Stay Home, Save Lives

Did the Governor's Order for Oregonians to Stay Home Come Soon Enough?

Health officials say the order's business regulations need to be even stricter.

By Julia Silverman March 23, 2020

“As I have said every single day, we’re making the best decisions we can at the time," said Gov. Kate Brown in a Friday morning press call. This weekend saw an influx of visitors to coastal Oregon towns, with many people not adhering to Brown's extreme social distancing measures. On Monday, the governor issued an executive order issuing all Oregonians to stay home unless they absolutely needed to go outside. Some people say it should have come sooner. 

The decree from Gov. Kate Brown’s office came down Monday morning like a door swinging shut: Stay home or else. 

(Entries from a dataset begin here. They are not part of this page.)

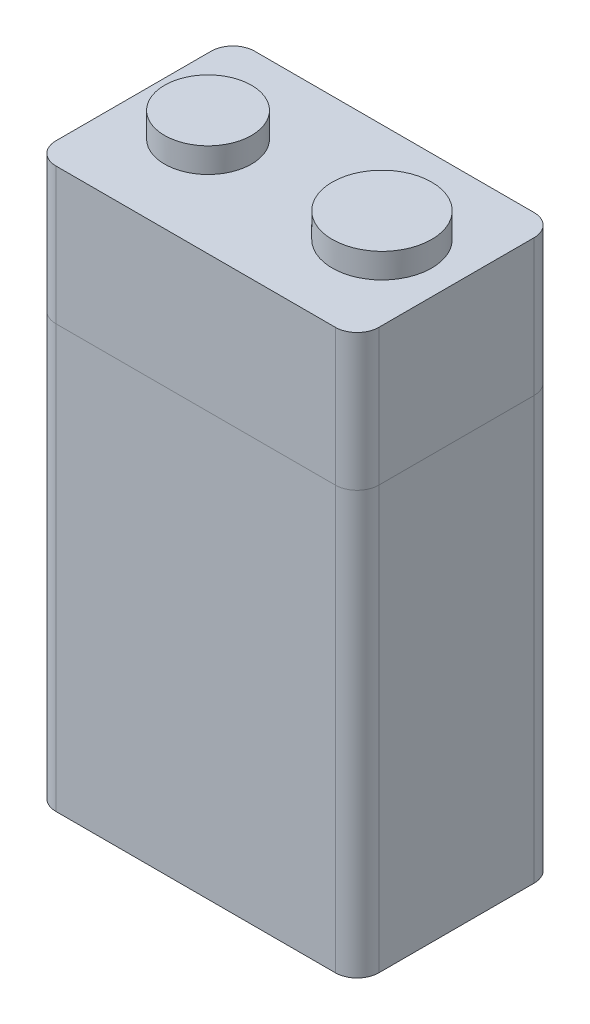
ISO-10303-21;
HEADER;
FILE_DESCRIPTION(('STEP AP214'),'2;1');
FILE_NAME('part.step','',(''),(''),'','','');
FILE_SCHEMA(('AUTOMOTIVE_DESIGN { 1 0 10303 214 1 1 1 1 }'));
ENDSEC;
DATA;
#1=APPLICATION_CONTEXT('core data for automotive mechanical design processes');
#2=APPLICATION_PROTOCOL_DEFINITION('international standard','automotive_design',2000,#1);
#3=PRODUCT_CONTEXT('',#1,'mechanical');
#4=PRODUCT('Part','Part','',(#3));
#5=PRODUCT_RELATED_PRODUCT_CATEGORY('part','',(#4));
#6=PRODUCT_DEFINITION_FORMATION('','',#4);
#7=PRODUCT_DEFINITION_CONTEXT('part definition',#1,'design');
#8=PRODUCT_DEFINITION('design','',#6,#7);
#9=PRODUCT_DEFINITION_SHAPE('','',#8);
#10=(LENGTH_UNIT() NAMED_UNIT(*) SI_UNIT(.MILLI.,.METRE.));
#11=(NAMED_UNIT(*) PLANE_ANGLE_UNIT() SI_UNIT($,.RADIAN.));
#12=(NAMED_UNIT(*) SI_UNIT($,.STERADIAN.) SOLID_ANGLE_UNIT());
#13=UNCERTAINTY_MEASURE_WITH_UNIT(LENGTH_MEASURE(1.E-05),#10,'distance_accuracy_value','');
#14=(GEOMETRIC_REPRESENTATION_CONTEXT(3) GLOBAL_UNCERTAINTY_ASSIGNED_CONTEXT((#13)) GLOBAL_UNIT_ASSIGNED_CONTEXT((#10,
#11,#12)) REPRESENTATION_CONTEXT('',''));
#15=CARTESIAN_POINT('',(0.,0.,0.));
#16=DIRECTION('',(0.,0.,1.));
#17=DIRECTION('',(1.,0.,0.));
#18=AXIS2_PLACEMENT_3D('',#15,#16,#17);
#19=CARTESIAN_POINT('',(-11.25,45.,6.25));
#20=DIRECTION('',(0.,-1.,0.));
#21=DIRECTION('',(0.,0.,-1.));
#22=AXIS2_PLACEMENT_3D('',#19,#20,#21);
#23=CYLINDRICAL_SURFACE('',#22,1.75);
#24=DIRECTION('',(0.,-1.,0.));
#25=VECTOR('',#24,1.);
#26=CARTESIAN_POINT('',(-11.25,45.,8.));
#27=LINE('',#26,#25);
#28=CARTESIAN_POINT('',(-11.25,34.,8.));
#29=VERTEX_POINT('',#28);
#30=CARTESIAN_POINT('',(-11.25,0.,8.));
#31=VERTEX_POINT('',#30);
#32=EDGE_CURVE('E206',#29,#31,#27,.T.);
#33=ORIENTED_EDGE('',*,*,#32,.F.);
#34=CARTESIAN_POINT('',(-11.25,34.,6.25));
#35=DIRECTION('',(0.,1.,0.));
#36=DIRECTION('',(0.,0.,1.));
#37=AXIS2_PLACEMENT_3D('',#34,#35,#36);
#38=CIRCLE('',#37,1.75);
#39=CARTESIAN_POINT('',(-13.,34.,6.25));
#40=VERTEX_POINT('',#39);
#41=EDGE_CURVE('E11',#29,#40,#38,.F.);
#42=ORIENTED_EDGE('',*,*,#41,.T.);
#43=DIRECTION('',(0.,-1.,0.));
#44=VECTOR('',#43,1.);
#45=CARTESIAN_POINT('',(-13.,45.,6.25));
#46=LINE('',#45,#44);
#47=CARTESIAN_POINT('',(-13.,0.,6.25));
#48=VERTEX_POINT('',#47);
#49=EDGE_CURVE('E215',#48,#40,#46,.F.);
#50=ORIENTED_EDGE('',*,*,#49,.F.);
#51=CARTESIAN_POINT('',(-11.25,0.,6.25));
#52=DIRECTION('',(0.,-1.,0.));
#53=DIRECTION('',(0.,0.,-1.));
#54=AXIS2_PLACEMENT_3D('',#51,#52,#53);
#55=CIRCLE('',#54,1.75);
#56=EDGE_CURVE('E189',#31,#48,#55,.T.);
#57=ORIENTED_EDGE('',*,*,#56,.F.);
#58=EDGE_LOOP('',(#33,#42,#50,#57));
#59=FACE_BOUND('',#58,.T.);
#60=ADVANCED_FACE('F47',(#59),#23,.T.);
#61=CARTESIAN_POINT('',(-13.,45.,8.));
#62=DIRECTION('',(1.,0.,0.));
#63=DIRECTION('',(0.,0.,-1.));
#64=AXIS2_PLACEMENT_3D('',#61,#62,#63);
#65=PLANE('',#64);
#66=DIRECTION('',(0.,0.,1.));
#67=VECTOR('',#66,1.);
#68=CARTESIAN_POINT('',(-13.,34.,8.));
#69=LINE('',#68,#67);
#70=CARTESIAN_POINT('',(-13.,34.,-6.25));
#71=VERTEX_POINT('',#70);
#72=EDGE_CURVE('E57',#71,#40,#69,.T.);
#73=ORIENTED_EDGE('',*,*,#72,.F.);
#74=DIRECTION('',(0.,-1.,0.));
#75=VECTOR('',#74,1.);
#76=CARTESIAN_POINT('',(-13.,45.,-6.25));
#77=LINE('',#76,#75);
#78=CARTESIAN_POINT('',(-13.,0.,-6.25));
#79=VERTEX_POINT('',#78);
#80=EDGE_CURVE('E217',#71,#79,#77,.T.);
#81=ORIENTED_EDGE('',*,*,#80,.T.);
#82=DIRECTION('',(0.,0.,1.));
#83=VECTOR('',#82,1.);
#84=CARTESIAN_POINT('',(-13.,0.,8.));
#85=LINE('',#84,#83);
#86=EDGE_CURVE('E167',#79,#48,#85,.T.);
#87=ORIENTED_EDGE('',*,*,#86,.T.);
#88=ORIENTED_EDGE('',*,*,#49,.T.);
#89=EDGE_LOOP('',(#73,#81,#87,#88));
#90=FACE_BOUND('',#89,.T.);
#91=ADVANCED_FACE('F293',(#90),#65,.F.);
#92=CARTESIAN_POINT('',(-11.25,45.,-6.25));
#93=DIRECTION('',(0.,-1.,0.));
#94=DIRECTION('',(0.,0.,-1.));
#95=AXIS2_PLACEMENT_3D('',#92,#93,#94);
#96=CYLINDRICAL_SURFACE('',#95,1.75);
#97=ORIENTED_EDGE('',*,*,#80,.F.);
#98=CARTESIAN_POINT('',(-11.25,34.,-6.25));
#99=DIRECTION('',(0.,1.,0.));
#100=DIRECTION('',(0.,0.,1.));
#101=AXIS2_PLACEMENT_3D('',#98,#99,#100);
#102=CIRCLE('',#101,1.75);
#103=CARTESIAN_POINT('',(-11.25,34.,-8.));
#104=VERTEX_POINT('',#103);
#105=EDGE_CURVE('E229',#71,#104,#102,.F.);
#106=ORIENTED_EDGE('',*,*,#105,.T.);
#107=DIRECTION('',(0.,-1.,0.));
#108=VECTOR('',#107,1.);
#109=CARTESIAN_POINT('',(-11.25,45.,-8.));
#110=LINE('',#109,#108);
#111=CARTESIAN_POINT('',(-11.25,0.,-8.));
#112=VERTEX_POINT('',#111);
#113=EDGE_CURVE('E150',#112,#104,#110,.F.);
#114=ORIENTED_EDGE('',*,*,#113,.F.);
#115=CARTESIAN_POINT('',(-11.25,0.,-6.25));
#116=DIRECTION('',(0.,-1.,0.));
#117=DIRECTION('',(0.,0.,-1.));
#118=AXIS2_PLACEMENT_3D('',#115,#116,#117);
#119=CIRCLE('',#118,1.75);
#120=EDGE_CURVE('E166',#79,#112,#119,.T.);
#121=ORIENTED_EDGE('',*,*,#120,.F.);
#122=EDGE_LOOP('',(#97,#106,#114,#121));
#123=FACE_BOUND('',#122,.T.);
#124=ADVANCED_FACE('F299',(#123),#96,.T.);
#125=CARTESIAN_POINT('',(-13.,45.,-8.));
#126=DIRECTION('',(0.,0.,1.));
#127=DIRECTION('',(1.,0.,0.));
#128=AXIS2_PLACEMENT_3D('',#125,#126,#127);
#129=PLANE('',#128);
#130=DIRECTION('',(-1.,0.,0.));
#131=VECTOR('',#130,1.);
#132=CARTESIAN_POINT('',(-13.,34.,-8.));
#133=LINE('',#132,#131);
#134=CARTESIAN_POINT('',(11.25,34.,-8.));
#135=VERTEX_POINT('',#134);
#136=EDGE_CURVE('E145',#135,#104,#133,.T.);
#137=ORIENTED_EDGE('',*,*,#136,.F.);
#138=DIRECTION('',(0.,-1.,0.));
#139=VECTOR('',#138,1.);
#140=CARTESIAN_POINT('',(11.25,45.,-8.));
#141=LINE('',#140,#139);
#142=CARTESIAN_POINT('',(11.25,0.,-8.));
#143=VERTEX_POINT('',#142);
#144=EDGE_CURVE('E137',#135,#143,#141,.T.);
#145=ORIENTED_EDGE('',*,*,#144,.T.);
#146=DIRECTION('',(-1.,0.,0.));
#147=VECTOR('',#146,1.);
#148=CARTESIAN_POINT('',(-13.,0.,-8.));
#149=LINE('',#148,#147);
#150=EDGE_CURVE('E142',#143,#112,#149,.T.);
#151=ORIENTED_EDGE('',*,*,#150,.T.);
#152=ORIENTED_EDGE('',*,*,#113,.T.);
#153=EDGE_LOOP('',(#137,#145,#151,#152));
#154=FACE_BOUND('',#153,.T.);
#155=ADVANCED_FACE('F139',(#154),#129,.F.);
#156=CARTESIAN_POINT('',(11.25,45.,-6.25));
#157=DIRECTION('',(0.,-1.,0.));
#158=DIRECTION('',(0.,0.,-1.));
#159=AXIS2_PLACEMENT_3D('',#156,#157,#158);
#160=CYLINDRICAL_SURFACE('',#159,1.75);
#161=ORIENTED_EDGE('',*,*,#144,.F.);
#162=CARTESIAN_POINT('',(11.25,34.,-6.25));
#163=DIRECTION('',(0.,1.,0.));
#164=DIRECTION('',(0.,0.,1.));
#165=AXIS2_PLACEMENT_3D('',#162,#163,#164);
#166=CIRCLE('',#165,1.75);
#167=CARTESIAN_POINT('',(13.,34.,-6.25));
#168=VERTEX_POINT('',#167);
#169=EDGE_CURVE('E225',#135,#168,#166,.F.);
#170=ORIENTED_EDGE('',*,*,#169,.T.);
#171=DIRECTION('',(0.,-1.,0.));
#172=VECTOR('',#171,1.);
#173=CARTESIAN_POINT('',(13.,45.,-6.25));
#174=LINE('',#173,#172);
#175=CARTESIAN_POINT('',(13.,0.,-6.25));
#176=VERTEX_POINT('',#175);
#177=EDGE_CURVE('E156',#176,#168,#174,.F.);
#178=ORIENTED_EDGE('',*,*,#177,.F.);
#179=CARTESIAN_POINT('',(11.25,0.,-6.25));
#180=DIRECTION('',(0.,-1.,0.));
#181=DIRECTION('',(0.,0.,-1.));
#182=AXIS2_PLACEMENT_3D('',#179,#180,#181);
#183=CIRCLE('',#182,1.75);
#184=EDGE_CURVE('E153',#143,#176,#183,.T.);
#185=ORIENTED_EDGE('',*,*,#184,.F.);
#186=EDGE_LOOP('',(#161,#170,#178,#185));
#187=FACE_BOUND('',#186,.T.);
#188=ADVANCED_FACE('F154',(#187),#160,.T.);
#189=CARTESIAN_POINT('',(13.,45.,8.));
#190=DIRECTION('',(-1.,0.,0.));
#191=DIRECTION('',(0.,0.,1.));
#192=AXIS2_PLACEMENT_3D('',#189,#190,#191);
#193=PLANE('',#192);
#194=DIRECTION('',(0.,0.,-1.));
#195=VECTOR('',#194,1.);
#196=CARTESIAN_POINT('',(13.,34.,8.));
#197=LINE('',#196,#195);
#198=CARTESIAN_POINT('',(13.,34.,6.25));
#199=VERTEX_POINT('',#198);
#200=EDGE_CURVE('E221',#199,#168,#197,.T.);
#201=ORIENTED_EDGE('',*,*,#200,.F.);
#202=DIRECTION('',(0.,-1.,0.));
#203=VECTOR('',#202,1.);
#204=CARTESIAN_POINT('',(13.,45.,6.25));
#205=LINE('',#204,#203);
#206=CARTESIAN_POINT('',(13.,0.,6.25));
#207=VERTEX_POINT('',#206);
#208=EDGE_CURVE('E160',#199,#207,#205,.T.);
#209=ORIENTED_EDGE('',*,*,#208,.T.);
#210=DIRECTION('',(0.,0.,-1.));
#211=VECTOR('',#210,1.);
#212=CARTESIAN_POINT('',(13.,0.,8.));
#213=LINE('',#212,#211);
#214=EDGE_CURVE('E168',#207,#176,#213,.T.);
#215=ORIENTED_EDGE('',*,*,#214,.T.);
#216=ORIENTED_EDGE('',*,*,#177,.T.);
#217=EDGE_LOOP('',(#201,#209,#215,#216));
#218=FACE_BOUND('',#217,.T.);
#219=ADVANCED_FACE('F263',(#218),#193,.F.);
#220=CARTESIAN_POINT('',(11.25,45.,6.25));
#221=DIRECTION('',(0.,-1.,0.));
#222=DIRECTION('',(0.,0.,-1.));
#223=AXIS2_PLACEMENT_3D('',#220,#221,#222);
#224=CYLINDRICAL_SURFACE('',#223,1.75);
#225=ORIENTED_EDGE('',*,*,#208,.F.);
#226=CARTESIAN_POINT('',(11.25,34.,6.25));
#227=DIRECTION('',(0.,1.,0.));
#228=DIRECTION('',(0.,0.,1.));
#229=AXIS2_PLACEMENT_3D('',#226,#227,#228);
#230=CIRCLE('',#229,1.75);
#231=CARTESIAN_POINT('',(11.25,34.,8.));
#232=VERTEX_POINT('',#231);
#233=EDGE_CURVE('E226',#199,#232,#230,.F.);
#234=ORIENTED_EDGE('',*,*,#233,.T.);
#235=DIRECTION('',(0.,-1.,0.));
#236=VECTOR('',#235,1.);
#237=CARTESIAN_POINT('',(11.25,45.,8.));
#238=LINE('',#237,#236);
#239=CARTESIAN_POINT('',(11.25,0.,8.));
#240=VERTEX_POINT('',#239);
#241=EDGE_CURVE('E211',#240,#232,#238,.F.);
#242=ORIENTED_EDGE('',*,*,#241,.F.);
#243=CARTESIAN_POINT('',(11.25,0.,6.25));
#244=DIRECTION('',(0.,-1.,0.));
#245=DIRECTION('',(0.,0.,-1.));
#246=AXIS2_PLACEMENT_3D('',#243,#244,#245);
#247=CIRCLE('',#246,1.75);
#248=EDGE_CURVE('E161',#207,#240,#247,.T.);
#249=ORIENTED_EDGE('',*,*,#248,.F.);
#250=EDGE_LOOP('',(#225,#234,#242,#249));
#251=FACE_BOUND('',#250,.T.);
#252=ADVANCED_FACE('F261',(#251),#224,.T.);
#253=CARTESIAN_POINT('',(-13.,45.,8.));
#254=DIRECTION('',(0.,0.,-1.));
#255=DIRECTION('',(-1.,0.,0.));
#256=AXIS2_PLACEMENT_3D('',#253,#254,#255);
#257=PLANE('',#256);
#258=DIRECTION('',(1.,0.,0.));
#259=VECTOR('',#258,1.);
#260=CARTESIAN_POINT('',(-13.,34.,8.));
#261=LINE('',#260,#259);
#262=EDGE_CURVE('E51',#29,#232,#261,.T.);
#263=ORIENTED_EDGE('',*,*,#262,.F.);
#264=ORIENTED_EDGE('',*,*,#32,.T.);
#265=DIRECTION('',(1.,0.,0.));
#266=VECTOR('',#265,1.);
#267=CARTESIAN_POINT('',(-13.,0.,8.));
#268=LINE('',#267,#266);
#269=EDGE_CURVE('E171',#31,#240,#268,.T.);
#270=ORIENTED_EDGE('',*,*,#269,.T.);
#271=ORIENTED_EDGE('',*,*,#241,.T.);
#272=EDGE_LOOP('',(#263,#264,#270,#271));
#273=FACE_BOUND('',#272,.T.);
#274=ADVANCED_FACE('F258',(#273),#257,.F.);
#275=CARTESIAN_POINT('',(13.,45.,6.25));
#276=VERTEX_POINT('',#275);
#277=EDGE_CURVE('E193',#276,#199,#205,.T.);
#278=ORIENTED_EDGE('',*,*,#277,.T.);
#279=ORIENTED_EDGE('',*,*,#200,.T.);
#280=CARTESIAN_POINT('',(13.,45.,-6.25));
#281=VERTEX_POINT('',#280);
#282=EDGE_CURVE('E196',#168,#281,#174,.F.);
#283=ORIENTED_EDGE('',*,*,#282,.T.);
#284=DIRECTION('',(0.,0.,-1.));
#285=VECTOR('',#284,1.);
#286=CARTESIAN_POINT('',(13.,45.,8.));
#287=LINE('',#286,#285);
#288=EDGE_CURVE('E179',#276,#281,#287,.T.);
#289=ORIENTED_EDGE('',*,*,#288,.F.);
#290=EDGE_LOOP('',(#278,#279,#283,#289));
#291=FACE_BOUND('',#290,.T.);
#292=ADVANCED_FACE('F266',(#291),#193,.F.);
#293=CARTESIAN_POINT('',(11.25,45.,-8.));
#294=VERTEX_POINT('',#293);
#295=EDGE_CURVE('E149',#294,#135,#141,.T.);
#296=ORIENTED_EDGE('',*,*,#295,.T.);
#297=ORIENTED_EDGE('',*,*,#136,.T.);
#298=CARTESIAN_POINT('',(-11.25,45.,-8.));
#299=VERTEX_POINT('',#298);
#300=EDGE_CURVE('E187',#104,#299,#110,.F.);
#301=ORIENTED_EDGE('',*,*,#300,.T.);
#302=DIRECTION('',(-1.,0.,0.));
#303=VECTOR('',#302,1.);
#304=CARTESIAN_POINT('',(-13.,45.,-8.));
#305=LINE('',#304,#303);
#306=EDGE_CURVE('E277',#294,#299,#305,.T.);
#307=ORIENTED_EDGE('',*,*,#306,.F.);
#308=EDGE_LOOP('',(#296,#297,#301,#307));
#309=FACE_BOUND('',#308,.T.);
#310=ADVANCED_FACE('F280',(#309),#129,.F.);
#311=CARTESIAN_POINT('',(-13.,45.,-6.25));
#312=VERTEX_POINT('',#311);
#313=EDGE_CURVE('E218',#312,#71,#77,.T.);
#314=ORIENTED_EDGE('',*,*,#313,.T.);
#315=ORIENTED_EDGE('',*,*,#72,.T.);
#316=CARTESIAN_POINT('',(-13.,45.,6.25));
#317=VERTEX_POINT('',#316);
#318=EDGE_CURVE('E214',#40,#317,#46,.F.);
#319=ORIENTED_EDGE('',*,*,#318,.T.);
#320=DIRECTION('',(0.,0.,1.));
#321=VECTOR('',#320,1.);
#322=CARTESIAN_POINT('',(-13.,45.,8.));
#323=LINE('',#322,#321);
#324=EDGE_CURVE('E282',#312,#317,#323,.T.);
#325=ORIENTED_EDGE('',*,*,#324,.F.);
#326=EDGE_LOOP('',(#314,#315,#319,#325));
#327=FACE_BOUND('',#326,.T.);
#328=ADVANCED_FACE('F301',(#327),#65,.F.);
#329=CARTESIAN_POINT('',(-11.25,45.,8.));
#330=VERTEX_POINT('',#329);
#331=EDGE_CURVE('E207',#330,#29,#27,.T.);
#332=ORIENTED_EDGE('',*,*,#331,.T.);
#333=ORIENTED_EDGE('',*,*,#262,.T.);
#334=CARTESIAN_POINT('',(11.25,45.,8.));
#335=VERTEX_POINT('',#334);
#336=EDGE_CURVE('E210',#232,#335,#238,.F.);
#337=ORIENTED_EDGE('',*,*,#336,.T.);
#338=DIRECTION('',(1.,0.,0.));
#339=VECTOR('',#338,1.);
#340=CARTESIAN_POINT('',(-13.,45.,8.));
#341=LINE('',#340,#339);
#342=EDGE_CURVE('E184',#330,#335,#341,.T.);
#343=ORIENTED_EDGE('',*,*,#342,.F.);
#344=EDGE_LOOP('',(#332,#333,#337,#343));
#345=FACE_BOUND('',#344,.T.);
#346=ADVANCED_FACE('F249',(#345),#257,.F.);
#347=CARTESIAN_POINT('',(0.,45.,0.));
#348=DIRECTION('',(0.,-1.,0.));
#349=DIRECTION('',(0.,0.,-1.));
#350=AXIS2_PLACEMENT_3D('',#347,#348,#349);
#351=PLANE('',#350);
#352=CARTESIAN_POINT('',(7.,45.,0.));
#353=DIRECTION('',(0.,-1.,0.));
#354=DIRECTION('',(0.,0.,-1.));
#355=AXIS2_PLACEMENT_3D('',#352,#353,#354);
#356=CIRCLE('',#355,4.);
#357=CARTESIAN_POINT('',(7.,45.,-4.));
#358=VERTEX_POINT('',#357);
#359=EDGE_CURVE('E183',#358,#358,#356,.F.);
#360=ORIENTED_EDGE('',*,*,#359,.F.);
#361=EDGE_LOOP('',(#360));
#362=FACE_BOUND('',#361,.T.);
#363=CARTESIAN_POINT('',(-7.,45.,0.));
#364=DIRECTION('',(0.,-1.,0.));
#365=DIRECTION('',(0.,0.,-1.));
#366=AXIS2_PLACEMENT_3D('',#363,#364,#365);
#367=CIRCLE('',#366,3.5);
#368=CARTESIAN_POINT('',(-7.,45.,-3.5));
#369=VERTEX_POINT('',#368);
#370=EDGE_CURVE('E180',#369,#369,#367,.F.);
#371=ORIENTED_EDGE('',*,*,#370,.F.);
#372=EDGE_LOOP('',(#371));
#373=FACE_BOUND('',#372,.T.);
#374=ORIENTED_EDGE('',*,*,#288,.T.);
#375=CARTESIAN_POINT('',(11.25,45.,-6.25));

Violate that ban and you're facing a class C misdemeanor charge, punishable by up to 30 days in jail or a $1,250 fine.  

The order comes after a furious onslaught from around the state, particularly from alarmed officials and health care providers in the Willamette Valley and on the Oregon Coast, who had been pushing for quicker and more decisive action from the governor’s office.  

Mayor Ted Wheeler, in particular, appeared ready to put teeth behind the order on Friday night, at a somewhat muddled press conference with the governor and Multnomah County Commissioner Deborah Kafoury that was clearly intended to be a show of unity, but didn't quite turn out that way. 

At the same press conference, while scrupulously maintaining the recommended six-foot buffer, Brown pleaded with Oregonians to stay home over the weekend, but stopped short of an executive order, backed up by enforcement. Her cries apparently fell on deaf ears, as residents flocked to the Columbia Gorge and the Oregon Coast on a gloriously sunny spring weekend, perhaps aware that both the rain and a more definitive order were on the horizon. 

The governor was under enormous and contradictory pressures, particularly from rural stretches of the state worried about a complete economic shutdown. And as her office took pains to point out in her executive order on Monday, she's been responding to coronavirus since late February. Key milestones include a declaration of a state of emergency on March 8, closure of public schools on March 12 and bans on gatherings of more than 25 people on March 17. 

But by Monday, the public health outcry from doctors, nurses and hospital systems was too loud to ignore. Worried over the predicted surge in cases and a corresponding lack of hospital infrastructure, from beds to personal protective gear, the clinical outcry to enforce physical distancing to slow the spread of the disease reached a fever pitch. 

Brown told reporters Monday that she'd spent the weekend hammering out the state's policy, conferring with health experts and elected officials from around the state.

"I was working on a statewide policy that would protect all of Oregon, and I wanted to do it collaboratively, methodically, thoughtfully," says Brown. "In other states, the orders that were crafted caused great confusion. We wanted to avoid that here as much as possible."

But confusion and disagreement remained, with some saying that Brown's policy should have been more restrictive on businesses, similar to the ban enforced by her fellow Democrat, Gov. Gavin Newsom of California. In that state, only a small handful of "essential" businesses have been allowed to stay open; all others are telework only. In Oregon, by contrast, Brown's office issued a laundry list of those that were required to close (aquariums and tattoo parlors, among them). But businesses not on that list and that cannot telework may remain open, she says, so long as someone on staff is enforcing social distancing policies and the six-foot buffer rule.

"It was hard to see the hospitals saying, 'Please stay in place,' last week, but not to be getting that same messaging from the state," says Dr. Ximena Levander, an addiction medicine fellow at Oregon Health and Sciences University. "And it is important to be really clear about what [businesses are] essential and what is not. It would help too if people who owned small businesses felt there would be government support to help them financially after this is over."

The governor says she needs to balance both a public health emergency and economic livelihoods, particularly for those who are already living on the margins. "From a business owners' perspective," Brown says, "Everyone thinks that their business is essential. What is so important that we focus on, if you cannot telecommute or socially distance safely, then you need to close down."

Now that the order has finally come, the question is: Did Oregon act soon enough, and is the order strict enough? A new website,, created by a team of data scientists and medical policy experts from the Bay Area suggests that—assuming that the stay at home edict is rigorously practiced by everyone in the state for the next three months—we may have sneaked in at the very last moment. 

According to the model, without such aggressive measures in place by as soon as March 24, Oregon’s hospital system would overload—and deaths could reach 64,000. With stay-at-home policies and much more widespread business closures in place, the estimate goes down to 2,000 deaths—but those are only estimates, and plenty is still unknown.

"I truly hope that people will get the message and will do the right thing in terms of aggressive social distancing," says Multnomah County Commissioner Sharon Meieran, a doctor who was among the earliest voices calling for stricter policies. "Right now, I can't focus on could haves and should haves. What we need to do is focus on what we can do every moment moving forward to bend the curve and try to change the trajectory of this virus."